Moreover, the proposed polymeric coating has been investigated in order to study its stability on steel stent after three cycles of expansion-crimping and following contact with biological solutions. SEM images confirm that the proposed pHEMA coating is capable to withstand mechanical solicitations arisen from surgical implantation. Moreover, as highlighted by EDS analysis, oxygen and carbon are still present at the stoichiometric ratio of pHEMA onto the steel surface after 6-month incubation in PBS solution.

To conclude, such a device with a stable smooth hydrophilic shell could be designed, in term of thickness, according to a desired application. Moreover, pHEMA coating can be further modified with insertion of selected peptides on its surface able to elicit adhesion of selected cells [40] and then to promote the endothelialisation of struts exposed to blood stream.

6 Conclusions

A new technique to obtain a pHEMA coating was set-up by spraying in a controlled fashion, pHEMA solutions on complex shaped solid surfaces. The proposed reproducible and easy to perform technique allows to fabricate uniform in roughness (with a value of R a of about 0.2 nm), and controlled in thickness (with thickness ranging from 5 to 20 μm) coating on the overall 316L steel stent surface without cracks or bridges.

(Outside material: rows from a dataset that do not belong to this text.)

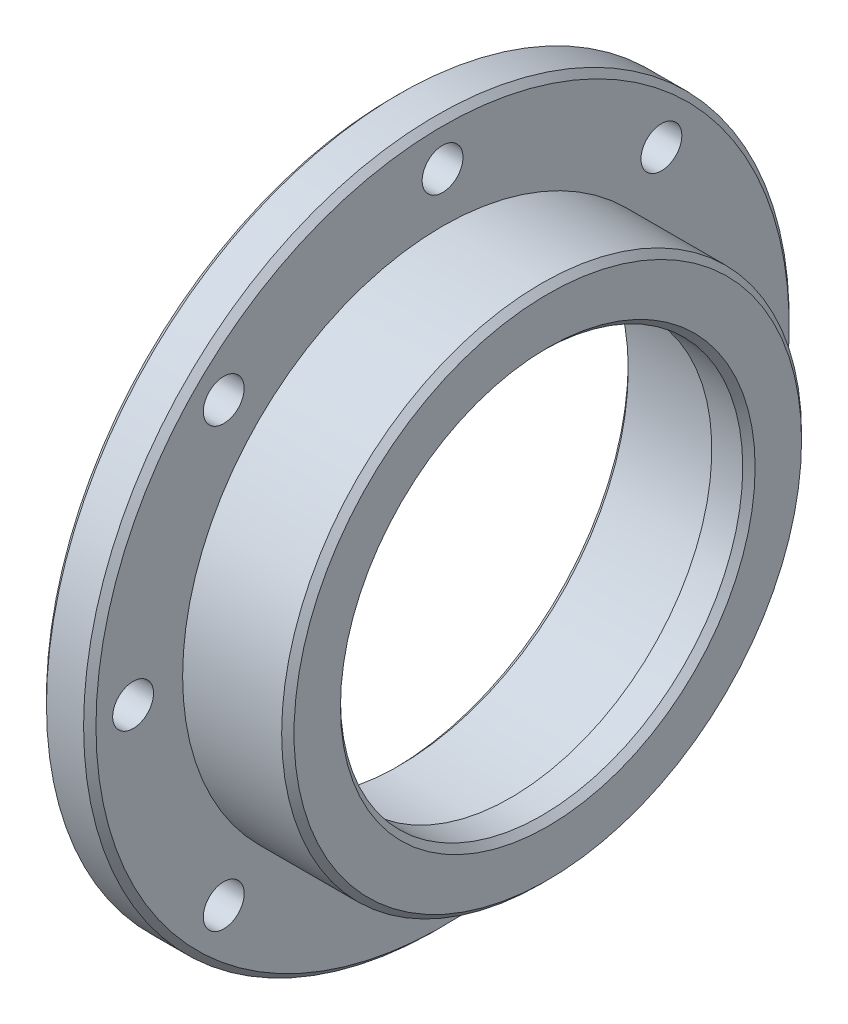
ISO-10303-21;
HEADER;
FILE_DESCRIPTION(('STEP AP214'),'2;1');
FILE_NAME('part.step','',(''),(''),'','','');
FILE_SCHEMA(('AUTOMOTIVE_DESIGN { 1 0 10303 214 1 1 1 1 }'));
ENDSEC;
DATA;
#1=APPLICATION_CONTEXT('core data for automotive mechanical design processes');
#2=APPLICATION_PROTOCOL_DEFINITION('international standard','automotive_design',2000,#1);
#3=PRODUCT_CONTEXT('',#1,'mechanical');
#4=PRODUCT('Part','Part','',(#3));
#5=PRODUCT_RELATED_PRODUCT_CATEGORY('part','',(#4));
#6=PRODUCT_DEFINITION_FORMATION('','',#4);
#7=PRODUCT_DEFINITION_CONTEXT('part definition',#1,'design');
#8=PRODUCT_DEFINITION('design','',#6,#7);
#9=PRODUCT_DEFINITION_SHAPE('','',#8);
#10=(LENGTH_UNIT() NAMED_UNIT(*) SI_UNIT(.MILLI.,.METRE.));
#11=(NAMED_UNIT(*) PLANE_ANGLE_UNIT() SI_UNIT($,.RADIAN.));
#12=(NAMED_UNIT(*) SI_UNIT($,.STERADIAN.) SOLID_ANGLE_UNIT());
#13=UNCERTAINTY_MEASURE_WITH_UNIT(LENGTH_MEASURE(1.E-05),#10,'distance_accuracy_value','');
#14=(GEOMETRIC_REPRESENTATION_CONTEXT(3) GLOBAL_UNCERTAINTY_ASSIGNED_CONTEXT((#13)) GLOBAL_UNIT_ASSIGNED_CONTEXT((#10,
#11,#12)) REPRESENTATION_CONTEXT('',''));
#15=CARTESIAN_POINT('',(0.,0.,0.));
#16=DIRECTION('',(0.,0.,1.));
#17=DIRECTION('',(1.,0.,0.));
#18=AXIS2_PLACEMENT_3D('',#15,#16,#17);
#19=CARTESIAN_POINT('',(4.,21.,0.));
#20=DIRECTION('',(-1.,0.,0.));
#21=DIRECTION('',(0.,0.,1.));
#22=AXIS2_PLACEMENT_3D('',#19,#20,#21);
#23=PLANE('',#22);
#24=CARTESIAN_POINT('',(4.,17.6776695296639,17.6776695296635));
#25=DIRECTION('',(1.,0.,0.));
#26=DIRECTION('',(0.,0.,-1.));
#27=AXIS2_PLACEMENT_3D('',#24,#25,#26);
#28=CIRCLE('',#27,1.64999999999999);
#29=CARTESIAN_POINT('',(4.,17.6776695296639,16.0276695296635));
#30=VERTEX_POINT('',#29);
#31=EDGE_CURVE('E172',#30,#30,#28,.T.);
#32=ORIENTED_EDGE('',*,*,#31,.F.);
#33=EDGE_LOOP('',(#32));
#34=FACE_BOUND('',#33,.T.);
#35=CARTESIAN_POINT('',(4.,-17.6776695296635,17.6776695296638));
#36=DIRECTION('',(1.,0.,0.));
#37=DIRECTION('',(0.,0.,-1.));
#38=AXIS2_PLACEMENT_3D('',#35,#36,#37);
#39=CIRCLE('',#38,1.64999999999999);
#40=CARTESIAN_POINT('',(4.,-17.6776695296635,16.0276695296639));
#41=VERTEX_POINT('',#40);
#42=EDGE_CURVE('E156',#41,#41,#39,.T.);
#43=ORIENTED_EDGE('',*,*,#42,.F.);
#44=EDGE_LOOP('',(#43));
#45=FACE_BOUND('',#44,.T.);
#46=CARTESIAN_POINT('',(4.,-25.,0.));
#47=DIRECTION('',(1.,0.,0.));
#48=DIRECTION('',(0.,0.,-1.));
#49=AXIS2_PLACEMENT_3D('',#46,#47,#48);
#50=CIRCLE('',#49,1.64999999999999);
#51=CARTESIAN_POINT('',(4.,-25.,-1.64999999999999));
#52=VERTEX_POINT('',#51);
#53=EDGE_CURVE('E148',#52,#52,#50,.T.);
#54=ORIENTED_EDGE('',*,*,#53,.F.);
#55=EDGE_LOOP('',(#54));
#56=FACE_BOUND('',#55,.T.);
#57=CARTESIAN_POINT('',(4.,-17.6776695296638,-17.6776695296636));
#58=DIRECTION('',(1.,0.,0.));
#59=DIRECTION('',(0.,0.,-1.));
#60=AXIS2_PLACEMENT_3D('',#57,#58,#59);
#61=CIRCLE('',#60,1.64999999999999);
#62=CARTESIAN_POINT('',(4.,-17.6776695296638,-19.3276695296636));
#63=VERTEX_POINT('',#62);
#64=EDGE_CURVE('E140',#63,#63,#61,.T.);
#65=ORIENTED_EDGE('',*,*,#64,.F.);
#66=EDGE_LOOP('',(#65));
#67=FACE_BOUND('',#66,.T.);
#68=CARTESIAN_POINT('',(4.,0.,-25.));
#69=DIRECTION('',(1.,0.,0.));
#70=DIRECTION('',(0.,0.,-1.));
#71=AXIS2_PLACEMENT_3D('',#68,#69,#70);
#72=CIRCLE('',#71,1.64999999999999);
#73=CARTESIAN_POINT('',(4.,0.,-26.65));
#74=VERTEX_POINT('',#73);
#75=EDGE_CURVE('E132',#74,#74,#72,.T.);
#76=ORIENTED_EDGE('',*,*,#75,.F.);
#77=EDGE_LOOP('',(#76));
#78=FACE_BOUND('',#77,.T.);
#79=CARTESIAN_POINT('',(4.,17.6776695296637,-17.6776695296637));
#80=DIRECTION('',(1.,0.,0.));
#81=DIRECTION('',(0.,0.,-1.));
#82=AXIS2_PLACEMENT_3D('',#79,#80,#81);
#83=CIRCLE('',#82,1.64999999999999);
#84=CARTESIAN_POINT('',(4.,17.6776695296637,-19.3276695296637));
#85=VERTEX_POINT('',#84);
#86=EDGE_CURVE('E124',#85,#85,#83,.T.);
#87=ORIENTED_EDGE('',*,*,#86,.F.);
#88=EDGE_LOOP('',(#87));
#89=FACE_BOUND('',#88,.T.);
#90=CARTESIAN_POINT('',(4.,25.,0.));
#91=DIRECTION('',(1.,0.,0.));
#92=DIRECTION('',(0.,0.,-1.));
#93=AXIS2_PLACEMENT_3D('',#90,#91,#92);
#94=CIRCLE('',#93,1.64999999999999);
#95=CARTESIAN_POINT('',(4.,25.,-1.64999999999999));
#96=VERTEX_POINT('',#95);
#97=EDGE_CURVE('E116',#96,#96,#94,.T.);
#98=ORIENTED_EDGE('',*,*,#97,.F.);
#99=EDGE_LOOP('',(#98));
#100=FACE_BOUND('',#99,.T.);
#101=CARTESIAN_POINT('',(4.,0.,0.));
#102=DIRECTION('',(-1.,0.,0.));
#103=DIRECTION('',(0.,0.,1.));
#104=AXIS2_PLACEMENT_3D('',#101,#102,#103);
#105=CIRCLE('',#104,28.);
#106=CARTESIAN_POINT('',(4.,0.,28.));
#107=VERTEX_POINT('',#106);
#108=EDGE_CURVE('E58',#107,#107,#105,.F.);
#109=ORIENTED_EDGE('',*,*,#108,.T.);
#110=EDGE_LOOP('',(#109));
#111=FACE_BOUND('',#110,.T.);
#112=CARTESIAN_POINT('',(4.,0.,0.));
#113=DIRECTION('',(-1.,0.,0.));
#114=DIRECTION('',(0.,0.,1.));
#115=AXIS2_PLACEMENT_3D('',#112,#113,#114);
#116=CIRCLE('',#115,21.);
#117=CARTESIAN_POINT('',(4.,0.,21.));
#118=VERTEX_POINT('',#117);
#119=EDGE_CURVE('E102',#118,#118,#116,.F.);
#120=ORIENTED_EDGE('',*,*,#119,.F.);
#121=EDGE_LOOP('',(#120));
#122=FACE_BOUND('',#121,.T.);
#123=CARTESIAN_POINT('',(4.,2.61861100413235E-13,25.));
#124=DIRECTION('',(1.,0.,0.));
#125=DIRECTION('',(0.,0.,-1.));
#126=AXIS2_PLACEMENT_3D('',#123,#124,#125);
#127=CIRCLE('',#126,1.64999999999999);
#128=CARTESIAN_POINT('',(4.,2.61861100413235E-13,23.35));
#129=VERTEX_POINT('',#128);
#130=EDGE_CURVE('E164',#129,#129,#127,.T.);
#131=ORIENTED_EDGE('',*,*,#130,.F.);
#132=EDGE_LOOP('',(#131));
#133=FACE_BOUND('',#132,.T.);
#134=ADVANCED_FACE('F49',(#34,#45,#56,#67,#78,#89,#100,#111,#122,#133),#23,.F.);
#135=CARTESIAN_POINT('',(9.5,21.,0.));
#136=DIRECTION('',(1.,0.,0.));
#137=DIRECTION('',(0.,0.,-1.));
#138=AXIS2_PLACEMENT_3D('',#135,#136,#137);
#139=PLANE('',#138);
#140=CARTESIAN_POINT('',(9.5,0.,0.));
#141=DIRECTION('',(-1.,0.,0.));
#142=DIRECTION('',(0.,0.,1.));
#143=AXIS2_PLACEMENT_3D('',#140,#141,#142);
#144=CIRCLE('',#143,16.25);
#145=CARTESIAN_POINT('',(9.5,0.,16.25));
#146=VERTEX_POINT('',#145);
#147=EDGE_CURVE('E106',#146,#146,#144,.T.);
#148=ORIENTED_EDGE('',*,*,#147,.F.);
#149=EDGE_LOOP('',(#148));
#150=FACE_BOUND('',#149,.T.);
#151=CARTESIAN_POINT('',(9.5,0.,0.));
#152=DIRECTION('',(1.,0.,0.));
#153=DIRECTION('',(0.,0.,-1.));
#154=AXIS2_PLACEMENT_3D('',#151,#152,#153);
#155=CIRCLE('',#154,18.5);
#156=CARTESIAN_POINT('',(9.5,0.,-18.5));
#157=VERTEX_POINT('',#156);
#158=EDGE_CURVE('E101',#157,#157,#155,.T.);
#159=ORIENTED_EDGE('',*,*,#158,.F.);
#160=EDGE_LOOP('',(#159));
#161=FACE_BOUND('',#160,.T.);
#162=ADVANCED_FACE('F182',(#150,#161),#139,.F.);
#163=CARTESIAN_POINT('',(12.5,21.,0.));
#164=DIRECTION('',(1.,0.,0.));
#165=DIRECTION('',(0.,0.,-1.));
#166=AXIS2_PLACEMENT_3D('',#163,#164,#165);
#167=PLANE('',#166);
#168=CARTESIAN_POINT('',(12.5,0.,0.));
#169=DIRECTION('',(1.,0.,0.));
#170=DIRECTION('',(0.,0.,-1.));
#171=AXIS2_PLACEMENT_3D('',#168,#169,#170);
#172=CIRCLE('',#171,20.5);
#173=CARTESIAN_POINT('',(12.5,0.,-20.5));
#174=VERTEX_POINT('',#173);
#175=EDGE_CURVE('E89',#174,#174,#172,.T.);
#176=ORIENTED_EDGE('',*,*,#175,.T.);
#177=EDGE_LOOP('',(#176));
#178=FACE_BOUND('',#177,.T.);
#179=CARTESIAN_POINT('',(12.5,0.,0.));
#180=DIRECTION('',(1.,0.,0.));
#181=DIRECTION('',(0.,0.,-1.));
#182=AXIS2_PLACEMENT_3D('',#179,#180,#181);
#183=CIRCLE('',#182,16.75);
#184=CARTESIAN_POINT('',(12.5,0.,-16.75));
#185=VERTEX_POINT('',#184);
#186=EDGE_CURVE('E93',#185,#185,#183,.F.);
#187=ORIENTED_EDGE('',*,*,#186,.T.);
#188=EDGE_LOOP('',(#187));
#189=FACE_BOUND('',#188,.T.);
#190=ADVANCED_FACE('F245',(#178,#189),#167,.T.);
#191=CARTESIAN_POINT('',(0.,0.,0.));
#192=DIRECTION('',(-1.,0.,0.));
#193=DIRECTION('',(0.,0.,1.));
#194=AXIS2_PLACEMENT_3D('',#191,#192,#193);
#195=CYLINDRICAL_SURFACE('',#194,21.);
#196=CARTESIAN_POINT('',(12.,0.,0.));
#197=DIRECTION('',(1.,0.,0.));
#198=DIRECTION('',(0.,0.,-1.));
#199=AXIS2_PLACEMENT_3D('',#196,#197,#198);
#200=CIRCLE('',#199,21.);
#201=CARTESIAN_POINT('',(12.,0.,-21.));
#202=VERTEX_POINT('',#201);
#203=EDGE_CURVE('E97',#202,#202,#200,.F.);
#204=ORIENTED_EDGE('',*,*,#203,.T.);
#205=EDGE_LOOP('',(#204));
#206=FACE_BOUND('',#205,.T.);
#207=ORIENTED_EDGE('',*,*,#119,.T.);
#208=EDGE_LOOP('',(#207));
#209=FACE_BOUND('',#208,.T.);
#210=ADVANCED_FACE('F240',(#206,#209),#195,.T.);
#211=CARTESIAN_POINT('',(0.,0.,0.));
#212=DIRECTION('',(-1.,0.,0.));
#213=DIRECTION('',(0.,0.,1.));
#214=AXIS2_PLACEMENT_3D('',#211,#212,#213);
#215=CYLINDRICAL_SURFACE('',#214,16.25);
#216=CARTESIAN_POINT('',(12.,0.,0.));
#217=DIRECTION('',(1.,0.,0.));
#218=DIRECTION('',(0.,0.,-1.));
#219=AXIS2_PLACEMENT_3D('',#216,#217,#218);
#220=CIRCLE('',#219,16.25);
#221=CARTESIAN_POINT('',(12.,0.,-16.25));
#222=VERTEX_POINT('',#221);
#223=EDGE_CURVE('E85',#222,#222,#220,.T.);
#224=ORIENTED_EDGE('',*,*,#223,.T.);
#225=EDGE_LOOP('',(#224));
#226=FACE_BOUND('',#225,.T.);
#227=ORIENTED_EDGE('',*,*,#147,.T.);
#228=EDGE_LOOP('',(#227));
#229=FACE_BOUND('',#228,.T.);
#230=ADVANCED_FACE('F236',(#226,#229),#215,.F.);
#231=CARTESIAN_POINT('',(0.,0.,0.));
#232=DIRECTION('',(-1.,0.,0.));
#233=DIRECTION('',(0.,0.,1.));
#234=AXIS2_PLACEMENT_3D('',#231,#232,#233);
#235=CYLINDRICAL_SURFACE('',#234,28.5);
#236=CARTESIAN_POINT('',(0.500000000000004,0.,0.));
#237=DIRECTION('',(1.,0.,0.));
#238=DIRECTION('',(0.,0.,-1.));
#239=AXIS2_PLACEMENT_3D('',#236,#237,#238);
#240=CIRCLE('',#239,28.5);
#241=CARTESIAN_POINT('',(0.500000000000004,0.,-28.5));
#242=VERTEX_POINT('',#241);
#243=EDGE_CURVE('E66',#242,#242,#240,.T.);
#244=ORIENTED_EDGE('',*,*,#243,.T.);
#245=EDGE_LOOP('',(#244));
#246=FACE_BOUND('',#245,.T.);
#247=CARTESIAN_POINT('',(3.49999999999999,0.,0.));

As a result, pHEMA coating showed a good and stable interfacial adhesion with the ability to withstand high shear and tensile stresses (respectively S-L-J and P-O) as demonstrated by mechanical tests in both dry and wet conditions. The interfacial adhesion was further confirmed by suppression of glass transition temperature of pHEMA after solvent evaporation, when deposited on steel surface. Moreover, the morphological and chemical stability of the pHEMA–steel interface was verified after simulation of working conditions occurring during the surgical procedure of stent implantation and after 6-months incubation in PBS.